To address this distributed learning over wireless networks, federated learning is a promising candidate. Federated learning is a distributed machine learning paradigm that pushes the learning and computation into the end-devices to improve communication efficiency and privacy. It trains a global objective function (learning task) using a central server and a subset of all nodes, which use their own local data to solve a local objective function, through an iterative process between the devices and the central server. Unlike other centralized and distributed machine learning techniques, federated learning is designed for scenarios in which the devices have to send a limited number of messages, the devices do not share the raw data, and are heterogeneous in the data and in the computation capabilities.
Unfortunately, the state-of-the-art of federated learning is still unsuitable for wireless networks. The main limitation is that the joint investigation of federated learning and wireless communications needs is not present in the current literature, especially for devices that have low battery capacity that need to transmit high data rates in a very short time. To achieve this integration, there are still some challenges. First, federated learning algorithms must comply with the communication requirements of low latency, high reliability, high data rates and energy constraints of devices. Second, the resource allocation algorithms of wireless networks must consider the learning model and the learning task.

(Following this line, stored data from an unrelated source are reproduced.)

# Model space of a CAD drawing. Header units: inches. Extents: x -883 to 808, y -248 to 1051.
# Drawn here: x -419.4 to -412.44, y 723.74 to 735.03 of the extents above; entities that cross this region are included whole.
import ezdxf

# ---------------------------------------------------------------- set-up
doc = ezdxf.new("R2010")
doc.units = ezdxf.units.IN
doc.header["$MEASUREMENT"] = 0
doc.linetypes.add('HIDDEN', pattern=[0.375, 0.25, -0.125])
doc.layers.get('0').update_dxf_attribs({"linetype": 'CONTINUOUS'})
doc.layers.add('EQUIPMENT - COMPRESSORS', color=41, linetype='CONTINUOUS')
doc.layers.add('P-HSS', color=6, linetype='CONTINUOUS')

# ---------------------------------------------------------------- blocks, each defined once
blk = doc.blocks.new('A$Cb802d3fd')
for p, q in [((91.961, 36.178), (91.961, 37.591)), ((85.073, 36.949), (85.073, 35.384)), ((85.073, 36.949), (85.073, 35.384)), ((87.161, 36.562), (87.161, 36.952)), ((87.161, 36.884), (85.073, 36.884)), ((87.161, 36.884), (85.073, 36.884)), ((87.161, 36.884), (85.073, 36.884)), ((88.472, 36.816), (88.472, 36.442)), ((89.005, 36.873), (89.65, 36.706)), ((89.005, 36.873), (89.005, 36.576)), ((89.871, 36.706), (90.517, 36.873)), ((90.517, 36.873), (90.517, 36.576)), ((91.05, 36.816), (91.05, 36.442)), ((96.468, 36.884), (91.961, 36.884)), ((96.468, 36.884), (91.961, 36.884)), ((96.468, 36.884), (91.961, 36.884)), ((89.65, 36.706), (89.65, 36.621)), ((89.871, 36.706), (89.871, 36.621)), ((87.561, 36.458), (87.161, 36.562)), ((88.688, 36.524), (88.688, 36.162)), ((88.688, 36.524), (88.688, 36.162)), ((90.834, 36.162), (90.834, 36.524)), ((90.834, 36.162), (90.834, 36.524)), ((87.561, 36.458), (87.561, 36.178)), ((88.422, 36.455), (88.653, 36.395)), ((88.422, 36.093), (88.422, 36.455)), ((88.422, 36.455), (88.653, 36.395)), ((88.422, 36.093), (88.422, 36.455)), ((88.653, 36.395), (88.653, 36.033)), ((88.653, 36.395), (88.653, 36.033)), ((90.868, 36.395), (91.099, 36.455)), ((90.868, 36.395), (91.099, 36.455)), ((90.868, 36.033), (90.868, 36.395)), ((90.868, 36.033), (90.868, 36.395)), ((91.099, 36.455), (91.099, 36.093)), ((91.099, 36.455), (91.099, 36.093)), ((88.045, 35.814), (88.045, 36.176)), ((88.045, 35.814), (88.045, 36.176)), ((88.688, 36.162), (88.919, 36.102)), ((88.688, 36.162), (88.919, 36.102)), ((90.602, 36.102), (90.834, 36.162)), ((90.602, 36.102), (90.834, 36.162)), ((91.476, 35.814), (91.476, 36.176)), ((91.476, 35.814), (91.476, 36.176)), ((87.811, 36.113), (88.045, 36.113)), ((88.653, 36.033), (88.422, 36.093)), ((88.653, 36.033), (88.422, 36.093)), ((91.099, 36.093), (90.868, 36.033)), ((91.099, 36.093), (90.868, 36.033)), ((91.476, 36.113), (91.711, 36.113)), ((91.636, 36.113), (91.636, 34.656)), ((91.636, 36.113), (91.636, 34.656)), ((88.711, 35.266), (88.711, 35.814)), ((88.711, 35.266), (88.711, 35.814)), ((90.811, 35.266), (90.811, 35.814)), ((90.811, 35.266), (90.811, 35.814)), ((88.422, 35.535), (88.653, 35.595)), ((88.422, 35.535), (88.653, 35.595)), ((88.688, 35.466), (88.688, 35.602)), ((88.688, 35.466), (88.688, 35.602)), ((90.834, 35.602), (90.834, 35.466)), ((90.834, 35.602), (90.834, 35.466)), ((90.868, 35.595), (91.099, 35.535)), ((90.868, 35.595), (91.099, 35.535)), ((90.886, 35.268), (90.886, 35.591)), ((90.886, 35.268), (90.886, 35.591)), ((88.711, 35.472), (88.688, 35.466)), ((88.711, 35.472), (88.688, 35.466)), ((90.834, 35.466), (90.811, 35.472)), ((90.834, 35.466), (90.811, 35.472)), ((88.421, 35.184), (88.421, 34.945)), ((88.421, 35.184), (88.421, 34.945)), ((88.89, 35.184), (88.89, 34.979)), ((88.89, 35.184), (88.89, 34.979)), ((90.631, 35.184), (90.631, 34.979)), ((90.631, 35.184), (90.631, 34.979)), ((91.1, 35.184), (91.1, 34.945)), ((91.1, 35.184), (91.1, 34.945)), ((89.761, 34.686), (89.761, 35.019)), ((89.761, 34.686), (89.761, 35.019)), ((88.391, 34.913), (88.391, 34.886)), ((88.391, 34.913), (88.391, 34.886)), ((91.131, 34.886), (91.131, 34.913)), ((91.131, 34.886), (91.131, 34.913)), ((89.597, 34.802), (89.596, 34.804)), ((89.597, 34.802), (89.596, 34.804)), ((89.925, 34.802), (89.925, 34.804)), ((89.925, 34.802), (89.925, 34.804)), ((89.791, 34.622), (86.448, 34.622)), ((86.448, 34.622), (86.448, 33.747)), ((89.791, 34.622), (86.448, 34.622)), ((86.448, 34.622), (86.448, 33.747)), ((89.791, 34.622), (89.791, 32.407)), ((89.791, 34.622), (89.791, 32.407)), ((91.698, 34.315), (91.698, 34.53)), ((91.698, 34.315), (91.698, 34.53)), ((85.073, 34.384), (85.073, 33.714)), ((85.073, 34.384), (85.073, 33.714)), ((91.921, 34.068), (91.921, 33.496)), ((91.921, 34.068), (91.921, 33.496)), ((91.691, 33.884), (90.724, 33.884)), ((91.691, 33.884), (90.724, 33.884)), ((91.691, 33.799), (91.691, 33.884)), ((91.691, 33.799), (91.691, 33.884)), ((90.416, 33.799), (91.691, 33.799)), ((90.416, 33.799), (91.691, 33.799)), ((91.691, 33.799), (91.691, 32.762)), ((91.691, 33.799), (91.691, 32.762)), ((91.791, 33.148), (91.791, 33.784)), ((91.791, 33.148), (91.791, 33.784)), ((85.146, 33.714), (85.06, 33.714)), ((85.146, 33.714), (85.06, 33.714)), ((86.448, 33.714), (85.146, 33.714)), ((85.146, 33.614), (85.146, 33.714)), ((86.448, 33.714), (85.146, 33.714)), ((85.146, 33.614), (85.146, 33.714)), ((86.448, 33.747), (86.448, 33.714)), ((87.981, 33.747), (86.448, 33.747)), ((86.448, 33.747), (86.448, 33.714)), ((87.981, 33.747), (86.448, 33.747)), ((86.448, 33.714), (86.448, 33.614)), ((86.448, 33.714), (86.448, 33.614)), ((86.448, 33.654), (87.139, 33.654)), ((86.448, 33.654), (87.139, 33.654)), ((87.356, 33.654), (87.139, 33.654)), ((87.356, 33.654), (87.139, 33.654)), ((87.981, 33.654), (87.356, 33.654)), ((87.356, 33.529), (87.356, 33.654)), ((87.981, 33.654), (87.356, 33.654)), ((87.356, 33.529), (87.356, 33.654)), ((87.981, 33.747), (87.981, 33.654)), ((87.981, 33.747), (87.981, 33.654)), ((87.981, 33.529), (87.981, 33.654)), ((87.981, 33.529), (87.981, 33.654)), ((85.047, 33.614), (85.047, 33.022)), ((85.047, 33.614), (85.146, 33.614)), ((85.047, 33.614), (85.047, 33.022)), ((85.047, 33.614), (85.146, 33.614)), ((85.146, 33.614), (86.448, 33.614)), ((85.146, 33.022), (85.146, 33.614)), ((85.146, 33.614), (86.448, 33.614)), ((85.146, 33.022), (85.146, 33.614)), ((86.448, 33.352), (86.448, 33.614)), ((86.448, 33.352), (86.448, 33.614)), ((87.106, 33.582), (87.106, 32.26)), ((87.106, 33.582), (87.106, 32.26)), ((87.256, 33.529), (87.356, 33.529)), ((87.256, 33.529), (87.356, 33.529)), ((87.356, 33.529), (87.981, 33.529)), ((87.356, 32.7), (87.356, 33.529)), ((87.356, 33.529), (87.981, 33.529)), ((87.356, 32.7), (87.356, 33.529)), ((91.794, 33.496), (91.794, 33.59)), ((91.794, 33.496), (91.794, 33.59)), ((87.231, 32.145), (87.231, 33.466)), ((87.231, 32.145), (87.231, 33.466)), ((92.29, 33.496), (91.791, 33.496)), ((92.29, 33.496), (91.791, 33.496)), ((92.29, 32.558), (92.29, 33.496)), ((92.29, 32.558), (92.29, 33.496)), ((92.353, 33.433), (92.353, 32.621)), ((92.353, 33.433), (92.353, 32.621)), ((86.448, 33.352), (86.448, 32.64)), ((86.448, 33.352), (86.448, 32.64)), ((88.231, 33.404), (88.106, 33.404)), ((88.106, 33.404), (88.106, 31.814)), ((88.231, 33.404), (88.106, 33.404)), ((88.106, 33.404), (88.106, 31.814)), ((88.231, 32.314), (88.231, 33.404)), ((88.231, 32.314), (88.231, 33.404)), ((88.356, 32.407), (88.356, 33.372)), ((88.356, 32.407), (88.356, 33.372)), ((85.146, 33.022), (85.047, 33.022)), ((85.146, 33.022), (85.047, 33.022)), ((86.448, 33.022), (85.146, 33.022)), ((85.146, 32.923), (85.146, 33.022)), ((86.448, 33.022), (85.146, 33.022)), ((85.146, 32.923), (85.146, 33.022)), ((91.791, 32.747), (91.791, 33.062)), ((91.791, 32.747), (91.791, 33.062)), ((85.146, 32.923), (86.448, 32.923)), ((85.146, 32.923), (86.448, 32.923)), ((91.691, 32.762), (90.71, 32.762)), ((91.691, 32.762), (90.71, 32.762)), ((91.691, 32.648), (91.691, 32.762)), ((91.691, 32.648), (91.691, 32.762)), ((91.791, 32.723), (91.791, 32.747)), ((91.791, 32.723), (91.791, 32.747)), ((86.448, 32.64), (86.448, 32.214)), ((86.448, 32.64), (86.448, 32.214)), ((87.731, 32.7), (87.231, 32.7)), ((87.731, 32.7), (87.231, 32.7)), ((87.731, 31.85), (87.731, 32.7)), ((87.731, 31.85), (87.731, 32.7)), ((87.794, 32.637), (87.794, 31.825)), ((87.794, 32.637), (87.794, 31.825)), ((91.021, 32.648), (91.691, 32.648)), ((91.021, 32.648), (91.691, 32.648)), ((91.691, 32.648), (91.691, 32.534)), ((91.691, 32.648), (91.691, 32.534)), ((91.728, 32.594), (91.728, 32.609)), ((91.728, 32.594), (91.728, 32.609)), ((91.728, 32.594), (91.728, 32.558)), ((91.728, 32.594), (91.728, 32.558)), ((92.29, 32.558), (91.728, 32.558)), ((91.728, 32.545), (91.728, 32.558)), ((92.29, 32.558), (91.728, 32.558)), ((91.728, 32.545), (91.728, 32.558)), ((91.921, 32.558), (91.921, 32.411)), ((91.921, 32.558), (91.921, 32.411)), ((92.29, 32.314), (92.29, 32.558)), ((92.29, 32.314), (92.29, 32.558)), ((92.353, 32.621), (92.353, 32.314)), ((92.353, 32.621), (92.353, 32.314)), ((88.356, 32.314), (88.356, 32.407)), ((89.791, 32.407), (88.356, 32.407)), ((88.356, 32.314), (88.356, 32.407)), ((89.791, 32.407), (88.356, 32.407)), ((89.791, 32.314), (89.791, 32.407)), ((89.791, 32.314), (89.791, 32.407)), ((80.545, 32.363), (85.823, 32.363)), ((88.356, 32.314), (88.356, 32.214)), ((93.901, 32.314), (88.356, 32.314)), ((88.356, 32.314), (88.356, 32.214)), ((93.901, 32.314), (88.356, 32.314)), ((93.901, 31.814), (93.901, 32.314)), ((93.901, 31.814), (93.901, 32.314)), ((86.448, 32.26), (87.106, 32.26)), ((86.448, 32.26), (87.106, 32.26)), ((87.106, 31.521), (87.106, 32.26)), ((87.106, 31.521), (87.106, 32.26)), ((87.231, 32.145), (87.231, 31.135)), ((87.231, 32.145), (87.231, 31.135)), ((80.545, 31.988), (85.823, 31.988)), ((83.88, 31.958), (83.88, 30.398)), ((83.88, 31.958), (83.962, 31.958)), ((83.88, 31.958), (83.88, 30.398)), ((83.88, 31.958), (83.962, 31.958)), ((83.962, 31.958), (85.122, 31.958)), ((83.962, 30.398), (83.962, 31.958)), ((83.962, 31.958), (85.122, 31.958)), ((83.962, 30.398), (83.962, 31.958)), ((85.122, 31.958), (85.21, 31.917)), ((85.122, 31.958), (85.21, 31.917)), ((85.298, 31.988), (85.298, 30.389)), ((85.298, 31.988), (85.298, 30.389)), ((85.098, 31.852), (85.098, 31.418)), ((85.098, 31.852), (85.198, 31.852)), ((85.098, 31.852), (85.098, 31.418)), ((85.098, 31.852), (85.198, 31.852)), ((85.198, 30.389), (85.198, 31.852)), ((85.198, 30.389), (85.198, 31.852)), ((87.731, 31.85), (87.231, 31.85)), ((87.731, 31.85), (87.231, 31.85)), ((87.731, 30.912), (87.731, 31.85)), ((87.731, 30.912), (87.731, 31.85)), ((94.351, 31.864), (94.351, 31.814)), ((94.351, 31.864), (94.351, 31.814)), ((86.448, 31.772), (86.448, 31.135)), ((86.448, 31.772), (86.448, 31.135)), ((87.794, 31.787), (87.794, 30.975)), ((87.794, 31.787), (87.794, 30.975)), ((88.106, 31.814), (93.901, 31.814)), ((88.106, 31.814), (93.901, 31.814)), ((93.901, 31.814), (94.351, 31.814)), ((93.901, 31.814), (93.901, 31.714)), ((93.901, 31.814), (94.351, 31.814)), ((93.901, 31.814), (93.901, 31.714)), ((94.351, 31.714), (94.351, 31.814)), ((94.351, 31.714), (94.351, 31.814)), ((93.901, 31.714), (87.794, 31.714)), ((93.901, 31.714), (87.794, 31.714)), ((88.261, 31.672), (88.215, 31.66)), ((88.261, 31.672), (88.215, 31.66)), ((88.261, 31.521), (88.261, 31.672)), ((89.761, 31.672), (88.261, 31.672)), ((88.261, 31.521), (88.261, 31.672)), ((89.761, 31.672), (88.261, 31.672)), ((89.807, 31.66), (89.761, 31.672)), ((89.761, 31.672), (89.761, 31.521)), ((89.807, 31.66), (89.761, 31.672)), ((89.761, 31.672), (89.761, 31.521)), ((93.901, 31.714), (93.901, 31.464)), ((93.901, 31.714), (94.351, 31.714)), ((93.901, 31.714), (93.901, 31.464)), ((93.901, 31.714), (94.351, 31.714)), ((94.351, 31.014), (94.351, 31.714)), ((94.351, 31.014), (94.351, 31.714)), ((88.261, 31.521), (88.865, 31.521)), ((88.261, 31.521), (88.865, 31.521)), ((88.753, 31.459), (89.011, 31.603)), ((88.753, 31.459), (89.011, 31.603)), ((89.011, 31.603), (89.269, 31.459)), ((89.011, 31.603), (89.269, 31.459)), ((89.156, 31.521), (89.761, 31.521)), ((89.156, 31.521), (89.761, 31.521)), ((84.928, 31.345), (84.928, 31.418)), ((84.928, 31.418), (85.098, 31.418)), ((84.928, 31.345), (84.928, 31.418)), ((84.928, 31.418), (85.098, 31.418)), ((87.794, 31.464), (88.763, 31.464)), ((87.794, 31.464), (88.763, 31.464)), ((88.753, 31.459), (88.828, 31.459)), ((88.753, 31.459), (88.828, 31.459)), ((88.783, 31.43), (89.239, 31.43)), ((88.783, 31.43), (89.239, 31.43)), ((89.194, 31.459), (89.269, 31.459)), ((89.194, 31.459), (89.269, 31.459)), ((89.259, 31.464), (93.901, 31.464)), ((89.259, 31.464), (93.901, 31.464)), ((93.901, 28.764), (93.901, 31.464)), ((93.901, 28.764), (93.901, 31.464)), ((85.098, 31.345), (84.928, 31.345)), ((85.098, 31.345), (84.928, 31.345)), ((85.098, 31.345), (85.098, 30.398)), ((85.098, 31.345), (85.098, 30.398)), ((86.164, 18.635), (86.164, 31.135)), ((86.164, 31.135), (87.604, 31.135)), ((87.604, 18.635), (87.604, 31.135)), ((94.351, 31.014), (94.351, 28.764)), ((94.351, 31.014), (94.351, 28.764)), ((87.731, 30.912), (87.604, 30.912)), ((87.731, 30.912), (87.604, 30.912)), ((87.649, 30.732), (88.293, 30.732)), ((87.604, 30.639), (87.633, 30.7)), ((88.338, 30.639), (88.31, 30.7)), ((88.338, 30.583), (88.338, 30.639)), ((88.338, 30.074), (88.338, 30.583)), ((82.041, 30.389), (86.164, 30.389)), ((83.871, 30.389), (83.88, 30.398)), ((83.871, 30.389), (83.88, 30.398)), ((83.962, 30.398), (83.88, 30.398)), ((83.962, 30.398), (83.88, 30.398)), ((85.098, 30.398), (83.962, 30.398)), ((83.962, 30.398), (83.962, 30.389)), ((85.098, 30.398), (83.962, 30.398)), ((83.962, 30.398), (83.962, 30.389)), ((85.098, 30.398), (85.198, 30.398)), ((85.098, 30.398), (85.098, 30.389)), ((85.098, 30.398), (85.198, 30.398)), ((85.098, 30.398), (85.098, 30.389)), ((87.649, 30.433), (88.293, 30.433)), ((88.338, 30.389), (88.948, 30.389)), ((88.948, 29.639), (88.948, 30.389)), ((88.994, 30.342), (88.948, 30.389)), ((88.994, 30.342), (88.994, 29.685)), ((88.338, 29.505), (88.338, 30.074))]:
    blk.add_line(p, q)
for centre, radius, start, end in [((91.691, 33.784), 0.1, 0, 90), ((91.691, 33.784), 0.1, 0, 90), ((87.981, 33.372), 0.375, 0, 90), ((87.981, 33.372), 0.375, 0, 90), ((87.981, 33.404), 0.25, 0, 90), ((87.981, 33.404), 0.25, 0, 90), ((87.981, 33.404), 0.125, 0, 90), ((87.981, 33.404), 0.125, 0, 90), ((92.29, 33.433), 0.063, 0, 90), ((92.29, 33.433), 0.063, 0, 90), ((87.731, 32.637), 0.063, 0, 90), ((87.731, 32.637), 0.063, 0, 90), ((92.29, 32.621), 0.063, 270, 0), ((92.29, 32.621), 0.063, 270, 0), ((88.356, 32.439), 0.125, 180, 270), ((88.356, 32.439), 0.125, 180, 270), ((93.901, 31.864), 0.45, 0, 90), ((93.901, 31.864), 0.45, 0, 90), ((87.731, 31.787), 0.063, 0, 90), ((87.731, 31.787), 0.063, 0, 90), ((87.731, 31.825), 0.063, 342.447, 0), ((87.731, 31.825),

In this project, we study the fundaments of federated learning over vehicular networks, specifically when the learning task is on vehicular applications, such as object detection. We consider a system operating in a realistic cellular environment with many antennas at the server and single-antenna vehicles. We model the system such that the communication requirements are included in the theoretical formulation. We analyse the convergence of the proposed learning method when fulfilling such requirements. We formulate a mathematical problem to maximize the speed of convergence while considering the communication requirements, the vehicles that participate in the training, the number of communication resources to be assigned, and the transmit power of each vehicle. The formulated problem is very complex, so we propose a suboptimal solution. Using our proposed solution, we intend to analyse complicated scenarios, such as more antennas, vehicles, and bigger datasets, in an efficient manner.